Kuroita Toshihiro, Kanno Takuya, Kawai Atsushi, Kawakami Bunsei, Oka Masanori, Endo Yaeta, Tozawa Yuzuru
Graduate School of Science and Engineering, Ehime University, Bunkyo-cho, Matsuyama, Ehime, 790-8577, Japan.
Extremophiles. 2007 Jan;11(1):85-94. doi: 10.1007/s00792-006-0015-4. Epub 2006 Aug 8.

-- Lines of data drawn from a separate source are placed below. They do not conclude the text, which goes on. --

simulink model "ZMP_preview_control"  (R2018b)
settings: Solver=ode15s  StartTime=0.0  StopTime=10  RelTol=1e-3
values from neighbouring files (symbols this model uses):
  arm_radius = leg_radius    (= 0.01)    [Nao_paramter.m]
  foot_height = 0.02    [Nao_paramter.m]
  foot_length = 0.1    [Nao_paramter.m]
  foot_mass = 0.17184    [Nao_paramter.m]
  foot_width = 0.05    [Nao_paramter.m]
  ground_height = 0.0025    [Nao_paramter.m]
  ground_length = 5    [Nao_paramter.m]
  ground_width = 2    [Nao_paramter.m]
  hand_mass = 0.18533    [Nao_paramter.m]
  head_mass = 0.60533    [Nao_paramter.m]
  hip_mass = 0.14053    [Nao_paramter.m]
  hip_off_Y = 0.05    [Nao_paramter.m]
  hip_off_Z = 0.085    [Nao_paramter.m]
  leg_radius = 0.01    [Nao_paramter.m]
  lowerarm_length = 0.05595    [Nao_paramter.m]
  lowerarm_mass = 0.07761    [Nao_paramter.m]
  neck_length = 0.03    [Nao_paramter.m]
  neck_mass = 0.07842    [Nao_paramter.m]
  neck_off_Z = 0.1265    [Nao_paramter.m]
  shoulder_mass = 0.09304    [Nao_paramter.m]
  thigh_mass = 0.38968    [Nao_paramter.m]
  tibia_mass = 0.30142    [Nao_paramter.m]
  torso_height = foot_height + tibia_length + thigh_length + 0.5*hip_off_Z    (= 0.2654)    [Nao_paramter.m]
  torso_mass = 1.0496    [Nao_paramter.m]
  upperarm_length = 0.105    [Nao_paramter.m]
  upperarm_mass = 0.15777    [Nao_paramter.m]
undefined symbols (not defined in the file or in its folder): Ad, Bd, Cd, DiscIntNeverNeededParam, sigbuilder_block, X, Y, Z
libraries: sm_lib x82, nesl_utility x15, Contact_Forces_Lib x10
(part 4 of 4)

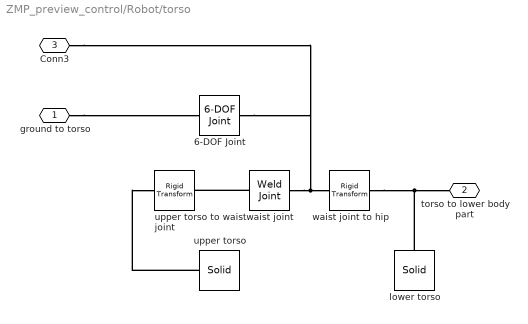
== system ZMP_preview_control/Robot/torso ==
  " waist joint" : sm_lib/Joints/Weld Joint  SenseConstraintForce=off  SenseConstraintForceX=off  SenseConstraintForceY=off  SenseConstraintForceZ=off  SenseConstraintTorque=off  SenseConstraintTorqueX=off  SenseConstraintTorqueY=off  SenseConstraintTorqueZ=off  SenseTotalForce=off  SenseTotalForceX=off  SenseTotalForceY=off  SenseTotalForceZ=off  SenseTotalTorque=off  SenseTotalTorqueX=off  SenseTotalTorqueY=off  SenseTotalTorqueZ=off  CompositeWrenchDir=FollowerOnBase  CompositeWrenchFrame=BaseFrame
  6-DOF Joint : sm_lib/Joints/6-DOF Joint  SenseConstraintForce=off  SenseConstraintForceX=off  SenseConstraintForceY=off  SenseConstraintForceZ=off  SenseConstraintTorque=off  SenseConstraintTorqueX=off  SenseConstraintTorqueY=off  SenseConstraintTorqueZ=off  SenseTotalForce=off  SenseTotalForceX=off  SenseTotalForceY=off  SenseTotalForceZ=off  SenseTotalTorque=off  SenseTotalTorqueX=off  SenseTotalTorqueY=off  SenseTotalTorqueZ=off  CompositeWrenchDir=FollowerOnBase  CompositeWrenchFrame=BaseFrame  PxEquilibriumPosition=0  PxEquilibriumPositionUnits=m  PxSpringStiffness=1000  PxSpringStiffnessUnits=N/m  PxDampingCoefficient=800  PxDampingCoefficientUnits=N/(m/s)  PxTorqueActuationMode=NoTorque  PxMotionActuationMode=ComputedMotion  PxSensePosition=off  PxSenseVelocity=off  PxSenseAcceleration=off  PxSenseTorqueForce=off  PxPositionTargetSpecify=on  PxPositionTargetPriority=High  PxPositionTargetValue=0  PxPositionTargetValueUnits=m  PxVelocityTargetSpecify=off  PxVelocityTargetPriority=High  PxVelocityTargetValue=0  PxVelocityTargetValueUnits=m/s  PyEquilibriumPosition=0  PyEquilibriumPositionUnits=m  PySpringStiffness=1000  PySpringStiffnessUnits=N/m  PyDampingCoefficient=800  PyDampingCoefficientUnits=N/(m/s)  PyTorqueActuationMode=NoTorque  PyMotionActuationMode=ComputedMotion  PySensePosition=off  PySenseVelocity=off  PySenseAcceleration=off  PySenseTorqueForce=off  PyPositionTargetSpecify=on  PyPositionTargetPriority=High  PyPositionTargetValue=0  PyPositionTargetValueUnits=m  PyVelocityTargetSpecify=off  PyVelocityTargetPriority=High  PyVelocityTargetValue=0  PyVelocityTargetValueUnits=m/s  PzEquilibriumPosition=0  PzEquilibriumPositionUnits=m  PzSpringStiffness=1000  PzSpringStiffnessUnits=N/m  PzDampingCoefficient=800  PzDampingCoefficientUnits=N/(m/s)  PzTorqueActuationMode=NoTorque  PzMotionActuationMode=ComputedMotion  PzSensePosition=off  PzSenseVelocity=off  PzSenseAcceleration=off  PzSenseTorqueForce=off  PzPositionTargetSpecify=on  PzPositionTargetPriority=High  PzPositionTargetValue=torso_height+0.001  PzPositionTargetValueUnits=m  PzVelocityTargetSpecify=off  PzVelocityTargetPriority=High  PzVelocityTargetValue=0  PzVelocityTargetValueUnits=m/s  SphDefPosRotationMethod=None  SphDefPosRotationAngleUnits=deg  SphDefPosRotationStandardAxis=+Z  SphDefPosRotationAngle=0.0  SphDefPosRotationArbitraryAxis=[0 0 1]  SphDefPosFollAlignAxisA=+X  SphDefPosBaseAlignAxisA=+Y  SphDefPosFollAlignAxisB=+Y  SphDefPosBaseAlignAxisB=+Z  SphDefPosRotationSequenceAxes=FollowerAxes  SphDefPosRotationSequence=XYX  SphDefPosRotationSequenceAngles=[0 0 0]  SphDefPosRotationSequenceAnglesUnits=deg  SphDefPosRotationMatrix=[1 0 0; 0 1 0; 0 0 1]  SphEqPosRotationMethod=None  SphEqPosRotationAngleUnits=deg  SphEqPosRotationStandardAxis=+Z  SphEqPosRotationAngle=0.0  SphEqPosRotationArbitraryAxis=[0 0 1]  SphEqPosFollAlignAxisA=+X  SphEqPosBaseAlignAxisA=+Y  SphEqPosFollAlignAxisB=+Y  SphEqPosBaseAlignAxisB=+Z  SphEqPosRotationSequenceAxes=FollowerAxes  SphEqPosRotationSequence=XYX  SphEqPosRotationSequenceAngles=[0 0 0]  SphEqPosRotationSequenceAnglesUnits=deg  SphEqPosRotationMatrix=[1 0 0; 0 1 0; 0 0 1]  SphSpringStiffness=1000  SphSpringStiffnessUnits=N*m/deg  SphDampingCoefficient=1000  SphDampingCoefficientUnits=N*m/(rad/s)  SphActuateTorqueX=off  SphActuateTorqueY=off  SphActuateTorqueZ=off  SphActuateTorque=off  SphTorqueActuationMode=NoTorque  SphMotionActuationMode=ComputedMotion  SphActuationFrame=BaseFrame  SphSensePosition=off  SphSenseVelocityX=off  SphSenseVelocityY=off  SphSenseVelocityZ=off  SphSenseVelocity=off  SphSenseAccelerationX=off  SphSenseAccelerationY=off  SphSenseAccelerationZ=off  SphSenseAcceleration=off  SphSenseTorqueX=off  SphSenseTorqueY=off  SphSenseTorqueZ=off  SphSenseTorqueForce=off  SphSensingFrame=BaseFrame  SphPositionTargetRotationMethod=None  SphPositionTargetRotationAngleUnits=deg  SphPositionTargetRotationStandardAxis=+Z  SphPositionTargetRotationAngle=0.0  SphPositionTargetRotationArbitraryAxis=[0 0 1]  SphPositionTargetFollAlignAxisA=+X  SphPositionTargetBaseAlignAxisA=+Y  SphPositionTargetFollAlignAxisB=+Y  SphPositionTargetBaseAlignAxisB=+Z  SphPositionTargetRotationSequenceAxes=FollowerAxes  SphPositionTargetRotationSequence=XYX  SphPositionTargetRotationSequenceAngles=[0 0 0]  SphPositionTargetRotationSequenceAnglesUnits=deg  SphPositionTargetRotationMatrix=eye(3)  SphPositionTargetSpecify=off  SphPositionTargetPriority=High  SphVelocityTargetValue=[0 0 0]  SphVelocityTargetValueUnits=deg/s  SphVelocityTargetSpecify=off  SphVelocityTargetPriority=High  SphVelocityTargetInFollowerFrame=on
  lower torso : sm_lib/Body Elements/Solid  InertiaType=CalculateFromGeometry  Mass=hip_mass  MassUnits=kg  CenterOfMass=[0 0 0]  CenterOfMassUnits=m  MomentsOfInertia=[1 1 1]  MomentsOfInertiaUnits=kg*m^2  ProductsOfInertia=[1 1 1]  ProductsOfInertiaUnits=kg*m^2  BasedOnType=Mass  Density=1000  DensityUnits=kg/m^3  DoExposeReferenceFrame=on  SerializedFrames=<Frames/>  GraphicType=FromGeometry  MarkerShape=Sphere  MarkerSize=10  GraphicVisPropType=SimpleVisualProperties  GraphicDiffuseColor=[0.6 0.6 0.6]  GraphicSpecularColor=[0.5 0.5 0.5 1.0]  GraphicAmbientColor=[0.15 0.15 0.15 1.0]  GraphicEmissiveColor=[0.0 0.0 0.0 1.0]  GraphicShininess=75  GraphicOpacity=1.0  GeometryShape=Brick  RectangleSize=[1 1]  RectangleSizeUnits=m  BrickDimensions=[0.5*foot_length 2*hip_off_Y hip_off_Z]  BrickDimensionUnits=m  CylinderRadius=1  CylinderRadiusUnits=m  CylinderLength=1  CylinderLengthUnits=m  SphereRadius=1  SphereRadiusUnits=m  EllipsoidRadii=[1 1 1]  EllipsoidRadiiUnits=m  ExtrusionCrossSection=[1 1; -1 1; -1 -1; 1 -1]  ExtrusionCrossSectionUnits=m  ExtrusionLength=1  ExtrusionLengthUnits=m  PolygonNumSides=3  PolygonOuterRadius=1  PolygonOuterRadiusUnits=m  ExtGeomFileType=STEP  ExtGeomFileUnits=m  RevolutionCrossSection=[1 1; 1 -1; 2 -1; 2 1]  RevolutionCrossSectionUnits=m  RevolutionExtent=Full  RevolutionAngle=180  RevolutionAngleUnits=deg
  upper torso : sm_lib/Body Elements/Solid  InertiaType=Custom  Mass=torso_mass  MassUnits=kg  CenterOfMass=[-0.00413 0 0.5*neck_off_Z]  CenterOfMassUnits=m  MomentsOfInertia=torso_inertia_m  MomentsOfInertiaUnits=kg*m^2  ProductsOfInertia=torso_inertia_p  ProductsOfInertiaUnits=kg*m^2  BasedOnType=Mass  Density=1000  DensityUnits=kg/m^3  DoExposeReferenceFrame=on  SerializedFrames=<Frames/>  GraphicType=FromGeometry  MarkerShape=Sphere  MarkerSize=10  GraphicVisPropType=SimpleVisualProperties  GraphicDiffuseColor=[0.5 0.5 0.5]  GraphicSpecularColor=[0.5 0.5 0.5 1.0]  GraphicAmbientColor=[0.15 0.15 0.15 1.0]  GraphicEmissiveColor=[0.0 0.0 0.0 1.0]  GraphicShininess=75  GraphicOpacity=1.0  GeometryShape=Brick  RectangleSize=[1 1]  RectangleSizeUnits=m  BrickDimensions=[2*hip_off_Y 2.5*foot_width neck_off_Z]  BrickDimensionUnits=m  CylinderRadius=1  CylinderRadiusUnits=m  CylinderLength=1  CylinderLengthUnits=m  SphereRadius=1  SphereRadiusUnits=m  EllipsoidRadii=[1 1 1]  EllipsoidRadiiUnits=m  ExtrusionCrossSection=[1 1; -1 1; -1 -1; 1 -1]  ExtrusionCrossSectionUnits=m  ExtrusionLength=1  ExtrusionLengthUnits=m  PolygonNumSides=3  PolygonOuterRadius=1  PolygonOuterRadiusUnits=m  ExtGeomFileType=STEP  ExtGeomFileUnits=m  RevolutionCrossSection=[1 1; 1 -1; 2 -1; 2 1]  RevolutionCrossSectionUnits=m  RevolutionExtent=Full  RevolutionAngle=180  RevolutionAngleUnits=deg
  upper torso to waist joint : sm_lib/Frames and Transforms/Rigid Transform  TranslationMethod=StandardAxis  TranslationStandardOffset=0.5*neck_off_Z  TranslationLengthUnit=m  TranslationStandardAxis=-Z  TranslationCartesianOffset=[0 0 0]  TranslationROffset=0  TranslationROffsetUnits=m  TranslationZOffset=0  TranslationZOffsetUnits=m  TranslationThetaOffset=0  TranslationThetaOffsetUnits=deg  RotationMethod=None  RotationAngleUnits=deg  RotationStandardAxis=+Z  RotationAngle=0.0  RotationArbitraryAxis=[0 0 1]  FollAlignAxisA=+X  BaseAlignAxisA=+Y  FollAlignAxisB=+Y  BaseAlignAxisB=+Z  RotationSequenceAxes=FollowerAxes  RotationSequence=XYX  RotationSequenceAngles=[0 0 0]  RotationSequenceAnglesUnits=deg  RotationMatrix=[1 0 0; 0 1 0; 0 0 1]
  waist joint to hip : sm_lib/Frames and Transforms/Rigid Transform  TranslationMethod=StandardAxis  TranslationStandardOffset=0.5*hip_off_Z  TranslationLengthUnit=m  TranslationStandardAxis=-Z  TranslationCartesianOffset=[0 0 0]  TranslationROffset=0  TranslationROffsetUnits=m  TranslationZOffset=0  TranslationZOffsetUnits=m  TranslationThetaOffset=0  TranslationThetaOffsetUnits=deg  RotationMethod=None  RotationAngleUnits=deg  RotationStandardAxis=+Z  RotationAngle=0.0  RotationArbitraryAxis=[0 0 1]  FollAlignAxisA=+X  BaseAlignAxisA=+Y  FollAlignAxisB=+Y  BaseAlignAxisB=+Z  RotationSequenceAxes=FollowerAxes  RotationSequence=XYX  RotationSequenceAngles=[0 0 0]  RotationSequenceAnglesUnits=deg  RotationMatrix=[1 0 0; 0 1 0; 0 0 1]
  ground to torso : PMIOPort  Side=Left
  torso to lower body part : PMIOPort  Port=2  Side=Right
  Conn3 : PMIOPort  Port=3  Side=Left
  connections:
  upper torso/RConn1 -- upper torso to waist joint/LConn1
  " waist joint"/RConn1 -- 6-DOF Joint/RConn1 -- Conn3/RConn1 -- waist joint to hip/LConn1
  waist joint to hip/RConn1 -- lower torso/RConn1 -- torso to lower body part/RConn1
  " waist joint"/LConn1 -- upper torso to waist joint/RConn1
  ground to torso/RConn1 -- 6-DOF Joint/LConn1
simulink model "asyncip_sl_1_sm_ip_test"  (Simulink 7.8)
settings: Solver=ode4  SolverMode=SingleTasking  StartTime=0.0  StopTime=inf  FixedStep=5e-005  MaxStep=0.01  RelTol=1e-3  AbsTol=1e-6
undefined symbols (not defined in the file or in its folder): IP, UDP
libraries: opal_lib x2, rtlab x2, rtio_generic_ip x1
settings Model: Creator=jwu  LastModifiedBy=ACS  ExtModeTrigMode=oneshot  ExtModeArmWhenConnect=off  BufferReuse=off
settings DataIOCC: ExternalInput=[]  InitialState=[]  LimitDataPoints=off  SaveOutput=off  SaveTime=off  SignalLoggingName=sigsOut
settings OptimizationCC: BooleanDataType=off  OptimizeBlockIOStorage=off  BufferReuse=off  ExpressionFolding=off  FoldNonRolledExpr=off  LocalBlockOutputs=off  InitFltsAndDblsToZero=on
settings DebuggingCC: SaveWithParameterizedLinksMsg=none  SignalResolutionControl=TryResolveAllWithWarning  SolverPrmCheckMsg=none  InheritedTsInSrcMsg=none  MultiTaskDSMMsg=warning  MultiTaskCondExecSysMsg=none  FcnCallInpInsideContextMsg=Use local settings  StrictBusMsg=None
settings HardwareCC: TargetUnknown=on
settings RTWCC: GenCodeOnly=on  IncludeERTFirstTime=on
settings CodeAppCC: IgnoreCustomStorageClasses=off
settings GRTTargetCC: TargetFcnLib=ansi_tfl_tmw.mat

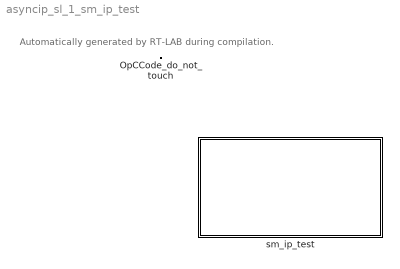
== system asyncip_sl_1_sm_ip_test ==
  note: Automatically generated by RT-LAB during compilation.
  OpCCode_do_not_touch : opal_lib/Communication/OpCCode  SystemSampleTime=-1
  sm_ip_test : Subsystem

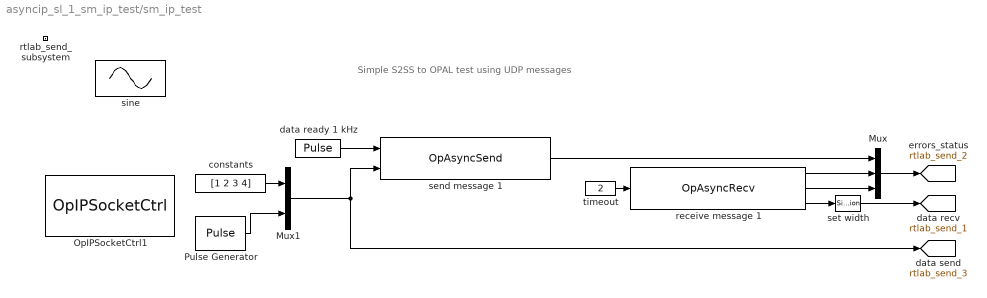
== system asyncip_sl_1_sm_ip_test/sm_ip_test ==
  note: Simple S2SS to OPAL test using UDP messages
  Mux : Mux  Inputs=3
  Mux1 : Mux  Inputs=2
  OpIPSocketCtrl1 : rtio_generic_ip/OpIPSocketCtrl  ctl_id=1  proto=UDP/IP  ip_addr_remote=137.226.160.91  ip_port_remote=10200  ip_port_local=10201  ip_addr_mcast=0.0.0.0  exe_name=AsyncIP
  Pulse Generator : DiscretePulseGenerator  PulseType=Time based  Amplitude=5  Period=0.1  PulseWidth=30
  constants : Constant  Value=[1 2 3 4]
  data ready 1 kHz : DiscretePulseGenerator  SampleTime=0.001
  receive message 1 : rtlab/Communication/Asynchronous/OpAsyncRecv  ctl_id=1  recv_id=1  enable_param=off  fp1=1  fp2=2  fp3=3  fp4=4  fp5=5  sp1=string1  sp2=string2  sp3=string3  sp4=string4  sp5=string5
  rtlab_send_subsystem : Subsystem  Priority=-100
      mask Display: text(0,0,'');
  send message 1 : rtlab/Communication/Asynchronous/OpAsyncSend  ctl_id=1  send_id=1  mode=DONT_NEED_REPLY  enable_param=off  fp1=1  fp2=2  fp3=3  fp4=4  fp5=5  sp1=string1  sp2=string2  sp3=string3  sp4=string4  sp5=string5
  set width : SignalSpecification  Dimensions=5
  sine : Sin  Amplitude=1.5  Frequency=50
  timeout : Constant  Value=2
  tag scope: rtlab_send_1=global, rtlab_send_2=global, rtlab_send_3=global
  wires:
  receive message 1/3 -> set width/1
  receive message 1/1 -> Mux/2
  receive message 1/2 -> Mux/3
  timeout/1 -> receive message 1/1
  send message 1/1 -> Mux/1
  Mux/1 -> [rtlab_send_2]
  set width/1 -> [rtlab_send_1]
  constants/1 -> Mux1/1
  Mux1/1 -> send message 1/2, [rtlab_send_3]
  data ready 1 kHz/1 -> send message 1/1
  Pulse Generator/1 -> Mux1/2

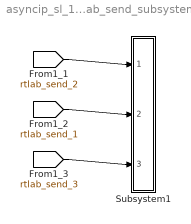
== system asyncip_sl_1_sm_ip_test/sm_ip_test/rtlab_send_subsystem ==
  Subsystem1 : Subsystem
  wires:
  [rtlab_send_2] -> Subsystem1/1(In1)
  [rtlab_send_1] -> Subsystem1/2(In2)
  [rtlab_send_3] -> Subsystem1/3(In3)

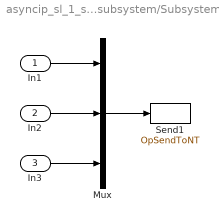
== system asyncip_sl_1_sm_ip_test/sm_ip_test/rtlab_send_subsystem/Subsystem1 ==
  In1 : Inport
  In2 : Inport  Port=2
  In3 : Inport  Port=3
  Mux : Mux  Inputs=3
  Send1 : opal_lib/Communication/OpSendToNT  Acqu_group=1
  wires:
  Mux/1 -> Send1/1
  In1/1 -> Mux/1
  In2/1 -> Mux/2
  In3/1 -> Mux/3

We have isolated and characterized a gene for a putative protein-disulfide oxidoreductase (phdsb) in the archaeon Pyrococcus horikoshii. The open reading frame of phdsb encodes a protein of 170 amino acids with an NH(2)-terminal extension similar to the bacterial signal peptides. The putative mature region of PhDsb includes a sequence motif, Cys-Pro-His-Cys (CPHC), that is conserved in members of the bacterial DsbA family, but otherwise the archaeal and bacterial sequences do not show substantial similarity. A recombinant protein corresponding to the predicted mature form of PhDsb behaved as a monomer and manifested oxidoreductase activities in vitro similar to those of DsbA of Escherichia coli. The catalytic activity of PhDsb was thermostable and was shown by mutation analysis to depend on the NH(2)-terminal cysteine residue of the CPHC motif. Thus, in spite of their low overall sequence similarities, DsbA-like proteins of archaea and bacteria appear to be highly similar in terms of function.
我们已经从嗜热栖热球菌中分离并鉴定了一个假定的蛋白质二硫键氧化还原酶(phdsb)基因。phdsb的开放阅读框编码一个由170个氨基酸组成的蛋白质,其NH(2)末端延伸类似于细菌信号肽。PhDsb的假定成熟区域包含一个序列基序Cys-Pro-His-Cys(CPHC),该基序在细菌DsbA家族成员中保守,但古细菌和细菌序列在其他方面没有显示出实质性的相似性。与预测的PhDsb成熟形式相对应的重组蛋白表现为单体,并在体外表现出与大肠杆菌DsbA相似的氧化还原酶活性。PhDsb的催化活性具有热稳定性,突变分析表明其活性依赖于CPHC基序的NH(2)末端半胱氨酸残基。因此,尽管古细菌和细菌的DsbA样蛋白总体序列相似性较低,但在功能方面似乎高度相似。